- Born: 30 June 1968 (age 58) Dharwad, India
- Genres: Hindustani Classical
- Occupations: Musician, Sitar Player

= Shafique Khan =

Indian sitarist

Shafique Khan (born 30 June 1968) is an Indian musician and sitar player from the Dharwad Gharana.

== Early life and education ==
Khan is the younger brother of sitarists Ustad Bale Khan and Chhote Rahimat Khan. His twin brother, Rafique Khan, is also a sitarist and composer.

== Musical style ==
Khan's playing style incorporates elements associated with the sitar traditions of his mentors. It combines aspects of Gaayaki Ang (vocal-style phrasing) and Tantakari Ang (instrumental technique).

== Achievements ==
Khan been conferred with Surmani award by Swami Haridas Sangeet Sammelan Mumbai.
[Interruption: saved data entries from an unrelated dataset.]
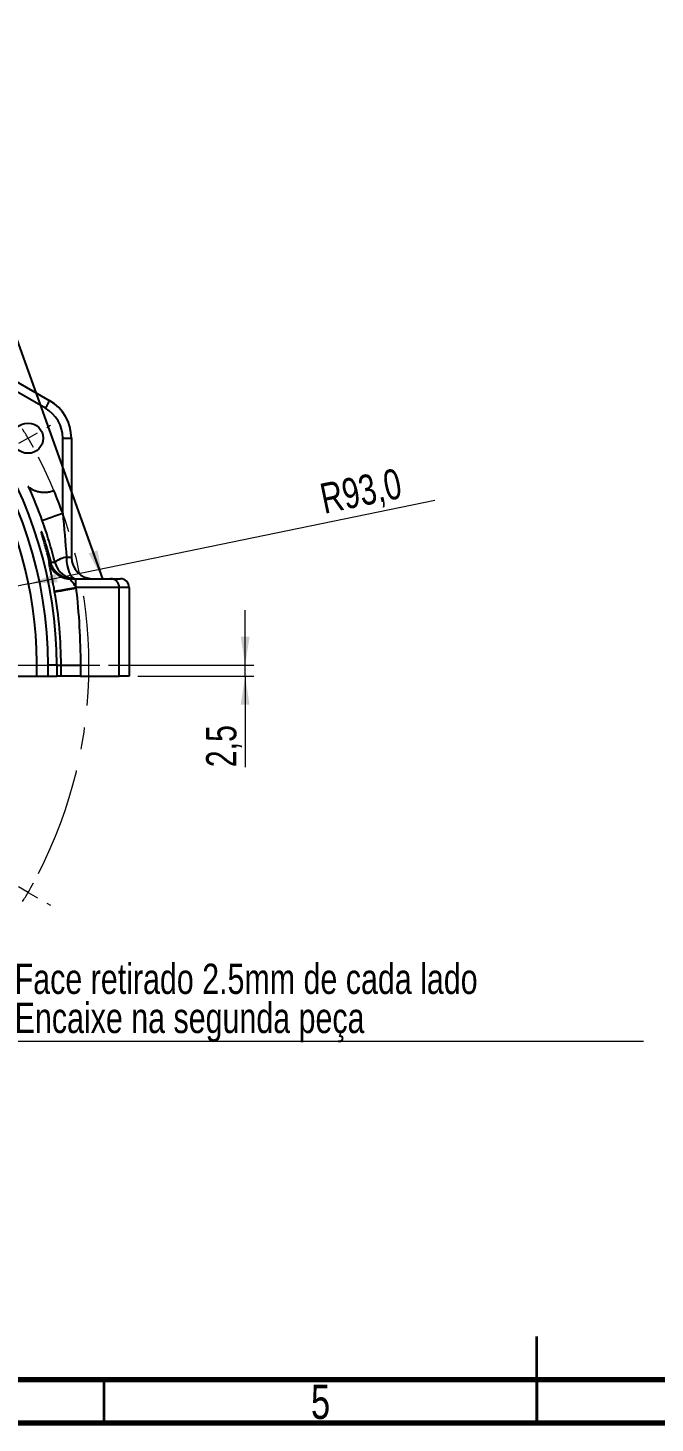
# Model space of a CAD drawing. Header units: millimetres. Extents: x 15 to 434, y 5 to 292.
# Drawn here: x 156.2 to 228.6, y 5 to 166.3 of the extents above; entities that cross this region are included whole.
import ezdxf

# ---------------------------------------------------------------- set-up
doc = ezdxf.new("R2010")
doc.units = ezdxf.units.MM
doc.linetypes.add('CENTERX2', pattern=[20.32, 12.7, -2.54, 2.54, -2.54])
doc.styles.add('SLDTEXTSTYLE0', font='TXT', dxfattribs={"width": 0.75})
doc.dimstyles.new('SLDDIMSTYLE2', dxfattribs={"dimtxt": 0.18, "dimasz": 3.302, "dimexe": 0, "dimexo": 0.0625, "dimgap": 0, "dimtad": 0, "dimtih": 1, "dimtoh": 1, "dimdec": 0, "dimrnd": 1e-09, "dimzin": 0, "dimdsep": 46, "dimtxsty": 'Standard', "dimsah": 1, "dimcen": 0.09, "dimadec": 0, "dimazin": 0, "dimtfac": 3.302, "dimtdec": 0, "dimtofl": 0, "dimtmove": 0, "dimatfit": 3, "dimfxl": 1, "dimfrac": 2, "dimtolj": 1, "dimtzin": 0, "dimarcsym": 0})
doc.dimstyles.new('SLDDIMSTYLE4', dxfattribs={"dimtxt": 3.5, "dimasz": 3.302, "dimexe": 0, "dimexo": 0.0625, "dimgap": 0.875, "dimtad": 1, "dimdec": 1, "dimlfac": 2, "dimrnd": 1e-09, "dimzin": 12, "dimdsep": 46, "dimtxsty": 'SLDTEXTSTYLE0', "dimsah": 1, "dimcen": 0, "dimadec": 0, "dimazin": 3, "dimtfac": 1, "dimtdec": 1, "dimtofl": 0, "dimtmove": 0, "dimatfit": 3, "dimfxl": 1, "dimfrac": 2, "dimtolj": 1, "dimtzin": 12, "dimarcsym": 0})
doc.dimstyles.new('SLDDIMSTYLE6', dxfattribs={"dimtxt": 3.5, "dimasz": 3.302, "dimexe": 0, "dimexo": 0.0625, "dimgap": 0.875, "dimtad": 1, "dimdec": 1, "dimlfac": 2, "dimrnd": 1e-09, "dimzin": 12, "dimdsep": 46, "dimtxsty": 'SLDTEXTSTYLE0', "dimsah": 1, "dimcen": 0.09, "dimadec": 0, "dimazin": 3, "dimtfac": 1, "dimtdec": 1, "dimtmove": 0, "dimatfit": 0, "dimfxl": 1, "dimfrac": 2, "dimtolj": 1, "dimtzin": 12, "dimarcsym": 0})

# ---------------------------------------------------------------- blocks, each defined once
blk = doc.blocks.new('_D_5')
at = {"color": 7, "linetype": 'Continuous', "lineweight": 18}
for q in [(203.2, 111.69), (110.77, 92.6)]:
    blk.add_line((156.31, 102.01), q, dxfattribs=at)
blk.add_solid([(156.31, 102.01), (159.65, 102.18), (159.44, 103.17)], dxfattribs=at)
at = {"color": 7, "linetype": 'Continuous', "lineweight": 18, "insert": (189.73, 113.52), "char_height": 3.5, "attachment_point": 1, "rotation": 11.6716, "style": 'SLDTEXTSTYLE0'}
blk.add_mtext('R93,0', dxfattribs=at)
blk = doc.blocks.new('_D_7')
at = {"color": 7, "linetype": 'Continuous', "lineweight": 18}
for p, q in [((181.31, 92.6), (181.31, 98.95)), ((165.52, 92.6), (182.31, 92.6)), ((181.31, 91.35), (181.31, 92.6)), ((168.91, 91.35), (182.31, 91.35)), ((181.31, 91.35), (181.31, 80.81))]:
    blk.add_line(p, q, dxfattribs=at)
for points in [[(181.31, 92.6), (181.82, 95.9), (180.8, 95.9)], [(181.31, 91.35), (180.8, 88.05), (181.82, 88.05)]]:
    blk.add_solid(points, dxfattribs=at)
at = {"color": 7, "linetype": 'Continuous', "lineweight": 18, "insert": (176.8, 80.81), "char_height": 3.5, "attachment_point": 1, "rotation": 90, "style": 'SLDTEXTSTYLE0'}
blk.add_mtext('2,5', dxfattribs=at)
blk = doc.blocks.new('SW_NOTE_4')
at = {"color": 0, "linetype": 'Continuous', "lineweight": 0}
blk.add_line((73.1, 0), (0, 0), dxfattribs=at)
at = {"color": 0, "linetype": 'Continuous', "lineweight": 0, "char_height": 3.5, "attachment_point": 1, "style": 'SLDTEXTSTYLE0'}
for s, insert in [('Face retirado 2.5mm de cada lado', (0.5, 9)), ('Encaixe na segunda peça', (0.5, 4.48))]:
    blk.add_mtext(s, dxfattribs=dict(at, insert=insert))
blk = doc.blocks.new('SW_CENTERMARKSYMBOL_2')
at = {"color": 0, "linetype": 'Continuous', "lineweight": 0}
for p, q in [((45.47, 28.75), (45.47, 29.25)), ((45.47, -23.75), (45.47, 27.5)), ((45.47, 26.25), (45.47, 27.5)), ((45.47, 26.25), (45.47, 25)), ((45.47, 23.75), (45.47, 23.25)), ((-2.17, 1.25), (-2.6, 1.5)), ((0, 0), (-1.08, 0.62)), ((0, 0), (1.08, -0.62)), ((90.93, 0), (89.85, -0.62)), ((90.93, 0), (92.02, 0.62)), ((93.1, 1.25), (93.53, 1.5)), ((2.17, -1.25), (2.6, -1.5)), ((88.77, -1.25), (88.33, -1.5)), ((45.47, -26.25), (45.47, -25)), ((42.97, -26.25), (-8.28, -26.25)), ((45.47, -26.25), (44.22, -26.25)), ((45.47, -26.25), (45.47, -27.5)), ((45.47, -26.25), (46.72, -26.25)), ((47.97, -26.25), (99.22, -26.25)), ((45.47, -28.75), (45.47, -80)), ((2.17, -51.25), (2.6, -51)), ((88.77, -51.25), (88.33, -51)), ((0, -52.5), (-1.08, -53.12)), ((0, -52.5), (1.08, -51.88)), ((90.93, -52.5), (89.85, -51.88)), ((90.93, -52.5), (92.02, -53.12)), ((-2.17, -53.75), (-2.6, -54)), ((93.1, -53.75), (93.53, -54)), ((45.47, -76.25), (45.47, -75.75)), ((45.47, -78.75), (45.47, -77.5)), ((45.47, -78.75), (45.47, -80)), ((45.47, -81.25), (45.47, -81.75))]:
    blk.add_line(p, q, dxfattribs=at)
at = {"color": 0, "linetype": 'CENTERX2', "lineweight": 0}
for start, end in [(92.7284, 147.2716), (32.7284, 87.2716), (152.7284, 207.2716), (332.7284, 27.2716), (212.7284, 267.2716), (272.7284, 327.2716)]:
    blk.add_arc((45.47, -26.25), 52.5, start, end, dxfattribs=at)
at = {"color": 0, "linetype": 'Continuous', "lineweight": 0}
for start, end in [(90, 91.3642), (88.6358, 90), (150, 151.3642), (148.6358, 150), (30, 31.3642), (28.6358, 30), (208.6358, 210), (330, 331.3642), (210, 211.3642), (328.6358, 330), (268.6358, 270), (270, 271.3642)]:
    blk.add_arc((45.47, -26.25), 52.5, start, end, dxfattribs=at)

msp = doc.modelspace()

# ---------------------------------------------------------------- linework, layer by layer
at = {"color": 7, "linetype": 'Continuous', "lineweight": 25}
for p, q in [((131.746, 138.764), (158.739, 123.18)), ((158.239, 122.314), (150.723, 126.653)), ((160.239, 118.85), (161.239, 118.85)), ((160.239, 110.172), (160.239, 118.85)), ((161.239, 118.85), (161.239, 105.1)), ((160.675, 105.1), (161.239, 105.1)), ((158.684, 104.497), (158.721, 104.498)), ((158.864, 104.499), (159.339, 104.505)), ((161.11, 102.6), (161.772, 102.6)), ((161.772, 101.6), (161.772, 102.6)), ((161.772, 102.6), (165.772, 102.6)), ((165.772, 102.6), (166.907, 102.6)), ((161.772, 101.6), (161.759, 101.6)), ((161.772, 101.6), (161.772, 101.522)), ((166.772, 101.6), (161.772, 101.6)), ((166.772, 91.35), (166.772, 101.6)), ((167.907, 101.6), (166.772, 101.6)), ((167.907, 101.6), (167.907, 91.35)), ((159.548, 92.6), (158.548, 92.6)), ((158.548, 91.35), (158.548, 92.6)), ((159.548, 92.6), (159.548, 91.35)), ((159.548, 92.6), (160.049, 92.6)), ((160.049, 91.35), (160.049, 92.6)), ((160.049, 92.6), (162.289, 92.6)), ((162.289, 92.6), (162.289, 91.35)), ((154.459, 91.35), (157.256, 91.35)), ((157.256, 91.35), (158.548, 91.35)), ((158.548, 91.35), (159.548, 91.35)), ((160.049, 91.35), (159.548, 91.35)), ((162.289, 91.35), (160.049, 91.35)), ((162.289, 91.35), (166.772, 91.35)), ((167.907, 91.35), (166.772, 91.35))]:
    msp.add_line(p, q, dxfattribs=at)
at = {"color": 7, "linetype": 'Continuous', "lineweight": 35}
for p, q in [((215, 5), (215, 15)), ((165, 10), (165, 5)), ((215, 10), (215, 5))]:
    msp.add_line(p, q, dxfattribs=at)
at = {"color": 7, "linetype": 'Continuous', "lineweight": 70}
for p, q in [((410, 10), (20, 10)), ((415, 5), (15, 5))]:
    msp.add_line(p, q, dxfattribs=at)
at = {"color": 7, "linetype": 'Continuous', "lineweight": 25, "flags": 128}
for points in [[(158.239, 122.314), (158.336, 122.483), (158.43, 122.645), (158.516, 122.795), (158.592, 122.926), (158.654, 123.034), (158.701, 123.114), (158.729, 123.163), (158.739, 123.18)], [(157.884, 109.335), (157.939, 109.355), (158.08, 109.405), (158.302, 109.483), (158.595, 109.588), (158.949, 109.713), (159.351, 109.856), (159.787, 110.011), (160.239, 110.172)], [(160.675, 105.1), (160.696, 104.612), (160.758, 104.143), (160.859, 103.711), (160.995, 103.332), (161.16, 103.021), (161.349, 102.79), (161.554, 102.648), (161.767, 102.6)], [(159.298, 101.165), (159.356, 101.175), (159.503, 101.201), (159.734, 101.242), (160.041, 101.296), (160.411, 101.362), (160.831, 101.436), (161.286, 101.516), (161.759, 101.6)], [(159.311, 101.091), (159.369, 101.101), (159.516, 101.127), (159.747, 101.168), (160.054, 101.221), (160.424, 101.286), (160.845, 101.36), (161.3, 101.439), (161.772, 101.522)]]:
    msp.add_lwpolyline(points, dxfattribs=at)
at = {"color": 7, "linetype": 'Continuous', "lineweight": 25}
msp.add_circle((156.239, 118.85), 1.75, dxfattribs=at)
for centre, radius, start, end in [((110.772, 92.6), 46.5, 358.45961, 181.54039), ((110.772, 92.6), 47.776, 0, 71.05312), ((110.772, 92.6), 48.776, 0, 66.59093), ((156.239, 118.85), 5, 0, 60), ((156.239, 118.85), 4, 0, 60), ((110.772, 92.6), 49.996, 19.55661, 24.2989), ((110.772, 92.6), 52.495, 19.55661, 22.64593), ((161.171, 102.188), 2.954, 99.67275, 128.34044), ((163.739, 105.1), 2.5, 180, 270), ((161.11, 105.099), 2.499, 193.92778, 269.9929), ((161.767, 105.099), 2.499, 193.75534, 269.99274), ((110.772, 92.6), 49.275, 9.92325, 10.01061), ((110.772, 92.6), 51.775, 9.92325, 10.01061)]:
    msp.add_arc(centre, radius, start, end, dxfattribs=at)
msp.add_ellipse((166.907, 101.6), major_axis=(1.001, 0), ratio=0.9993908, start_param=0, end_param=1.5707963, dxfattribs=at)
for points in [[(156.339, 113.173), (156.302, 113.199), (156.265, 113.228), (156.226, 113.259)], [(160.239, 110.172), (160.41, 108.482), (160.555, 106.792), (160.675, 105.1)]]:
    msp.add_open_spline(points, degree=3, dxfattribs=at)
for points, knots in [([(156.339, 113.173), (156.346, 113.167), (156.384, 113.139), (156.502, 113.061), (156.579, 113.012), (156.76, 112.914), (156.864, 112.864), (157.089, 112.772), (157.211, 112.731), (157.473, 112.661), (157.615, 112.634), (157.912, 112.6), (158.066, 112.593), (158.309, 112.603), (158.392, 112.61), (158.557, 112.63), (158.64, 112.644), (158.889, 112.696), (159.059, 112.747), (159.22, 112.812)], [0, 0, 0, 0, 0.125, 0.125, 0.25, 0.25, 0.375, 0.375, 0.5, 0.5, 0.625, 0.625, 0.75, 0.75, 0.8125, 0.8125, 0.875, 0.875, 1, 1, 1, 1]), ([(159.339, 104.505), (159.137, 105.317), (158.915, 106.126), (158.43, 107.735), (158.167, 108.536), (157.884, 109.335)], [0, 0, 0, 0, 0.5, 0.5, 1, 1, 1, 1]), ([(158.721, 104.498), (158.631, 104.871), (158.538, 105.24), (158.396, 105.783), (158.348, 105.962), (158.252, 106.315), (158.203, 106.49), (158.108, 106.828), (158.062, 106.991), (157.973, 107.303), (157.93, 107.45), (157.856, 107.71), (157.823, 107.827), (157.79, 107.951), (157.781, 107.984), (157.772, 108.029), (157.771, 108.041), (157.777, 108.041), (157.784, 108.029), (157.804, 107.983), (157.818, 107.949), (157.85, 107.865), (157.868, 107.816), (157.909, 107.705), (157.931, 107.643), (157.999, 107.445), (158.049, 107.299), (158.15, 106.989), (158.203, 106.823), (158.361, 106.318), (158.465, 105.966), (158.669, 105.245), (158.768, 104.875), (158.864, 104.499)], [0, 0, 0, 0, 0.125, 0.125, 0.1875, 0.1875, 0.25, 0.25, 0.3125, 0.3125, 0.375, 0.375, 0.4375, 0.4375, 0.46875, 0.46875, 0.5, 0.5, 0.53125, 0.53125, 0.5625, 0.5625, 0.59375, 0.59375, 0.625, 0.625, 0.6875, 0.6875, 0.75, 0.75, 0.875, 0.875, 1, 1, 1, 1]), ([(159.298, 101.165), (159.258, 101.389), (159.218, 101.61), (159.158, 101.937), (159.137, 102.045), (159.097, 102.257), (159.078, 102.36), (159.019, 102.663), (158.982, 102.856), (158.91, 103.221), (158.876, 103.388), (158.816, 103.692), (158.788, 103.831), (158.742, 104.068), (158.724, 104.168), (158.702, 104.291), (158.696, 104.327), (158.687, 104.389), (158.684, 104.415), (158.677, 104.476), (158.678, 104.497), (158.684, 104.497)], [0, 0, 0, 0, 0.125, 0.125, 0.1875, 0.1875, 0.25, 0.25, 0.375, 0.375, 0.5, 0.5, 0.625, 0.625, 0.75, 0.75, 0.8125, 0.8125, 0.875, 0.875, 1, 1, 1, 1]), ([(158.721, 104.498), (158.755, 104.356), (158.799, 104.224), (158.906, 103.972), (158.969, 103.853), (159.184, 103.512), (159.358, 103.316), (159.772, 102.979), (160.004, 102.845), (160.397, 102.701), (160.535, 102.663), (160.818, 102.613), (160.962, 102.6), (161.111, 102.6)], [0, 0, 0, 0, 0.125, 0.125, 0.25, 0.25, 0.5, 0.5, 0.75, 0.75, 0.875, 0.875, 1, 1, 1, 1]), ([(161.325, 102.6), (161.175, 102.6), (161.029, 102.613), (160.745, 102.663), (160.605, 102.7), (160.336, 102.796), (160.21, 102.854), (159.968, 102.988), (159.854, 103.065), (159.641, 103.232), (159.543, 103.323), (159.361, 103.52), (159.277, 103.627), (159.127, 103.852), (159.061, 103.971), (158.948, 104.223), (158.9, 104.358), (158.864, 104.499)], [0, 0, 0, 0, 0.125, 0.125, 0.25, 0.25, 0.375, 0.375, 0.5, 0.5, 0.625, 0.625, 0.75, 0.75, 0.875, 0.875, 1, 1, 1, 1]), ([(161.11, 102.6), (161.103, 102.6), (161.103, 102.592), (161.116, 102.561), (161.13, 102.537), (161.186, 102.451), (161.244, 102.368), (161.375, 102.18), (161.451, 102.072), (161.604, 101.845), (161.682, 101.723), (161.759, 101.6)], [0, 0, 0, 0, 0.125, 0.125, 0.25, 0.25, 0.5, 0.5, 0.75, 0.75, 1, 1, 1, 1]), ([(166.772, 101.6), (166.772, 101.666), (166.766, 101.731), (166.74, 101.858), (166.721, 101.922), (166.671, 102.043), (166.64, 102.1), (166.568, 102.209), (166.526, 102.26), (166.387, 102.399), (166.276, 102.473), (166.035, 102.573), (165.902, 102.6), (165.772, 102.6)], [0, 0, 0, 0, 0.125, 0.125, 0.25, 0.25, 0.375, 0.375, 0.5, 0.5, 0.75, 0.75, 1, 1, 1, 1]), ([(160.049, 92.6), (160.049, 94.026), (159.987, 95.446), (159.741, 98.277), (159.556, 99.687), (159.311, 101.091)], [0, 0, 0, 0, 0.5, 0.5, 1, 1, 1, 1]), ([(161.772, 101.522), (161.945, 100.04), (162.074, 98.555), (162.246, 95.581), (162.289, 94.092), (162.289, 92.6)], [0, 0, 0, 0, 0.5, 0.5, 1, 1, 1, 1])]:
    msp.add_open_spline(points, degree=3, knots=knots, dxfattribs=at)

# ---------------------------------------------------------------- block references
at = {"color": 7, "linetype": 'Continuous', "lineweight": 0}
for name, p in [('SW_CENTERMARKSYMBOL_2', (65.306, 118.85)), ('SW_NOTE_4', (154.194, 49.107))]:
    msp.add_blockref(name, p, dxfattribs=at)

# ---------------------------------------------------------------- texts
at = {"color": 7, "linetype": 'Continuous', "lineweight": 0, "insert": (190.018, 9.453), "char_height": 3.969, "attachment_point": 2, "style": 'SLDTEXTSTYLE0'}
msp.add_mtext('5', dxfattribs=at)

# ---------------------------------------------------------------- dimensions: what is measured, and where the dimension line sits
at = {"color": 7, "linetype": 'Continuous', "lineweight": 18}
dim = msp.add_radius_dim(center=(110.772, 92.6), mpoint=(156.311, 102.007), dimstyle='SLDDIMSTYLE4', dxfattribs=at)
dim.commit()
dim.dimension.update_dxf_attribs({"geometry": '_D_5', "text_midpoint": (196.963, 110.404), "dimtype": 164})
dim = msp.add_linear_dim(base=(181.31, 92.6), p1=(167.907, 91.35), p2=(164.522, 92.6), angle=90, dimstyle='SLDDIMSTYLE6', dxfattribs=at)
dim.commit()
dim.dimension.update_dxf_attribs({"geometry": '_D_7', "text_midpoint": (181.31, 84.15), "dimtype": 160})

# ---------------------------------------------------------------- leaders
at = {"color": 7, "linetype": 'Continuous', "lineweight": 0}
msp.add_leader([(164.869, 102.6), (142.058, 166.274)], dimstyle='SLDDIMSTYLE2', dxfattribs=at)

doc.saveas('drawing.dxf')

Kala Vikas Parishat has honoured him by conferring Bharat Ratna Pandit Bhimsen Joshi National Award in 2016. His Musical sojourn has taken him to Germany and United States.

Sitar Jugalbandi performances with his twin brother Rafique Khan have won encomium from music lovers.

== Current position ==
Shafique Khan currently works at All India Radio as top Grade Artist, Dharwad Karnataka.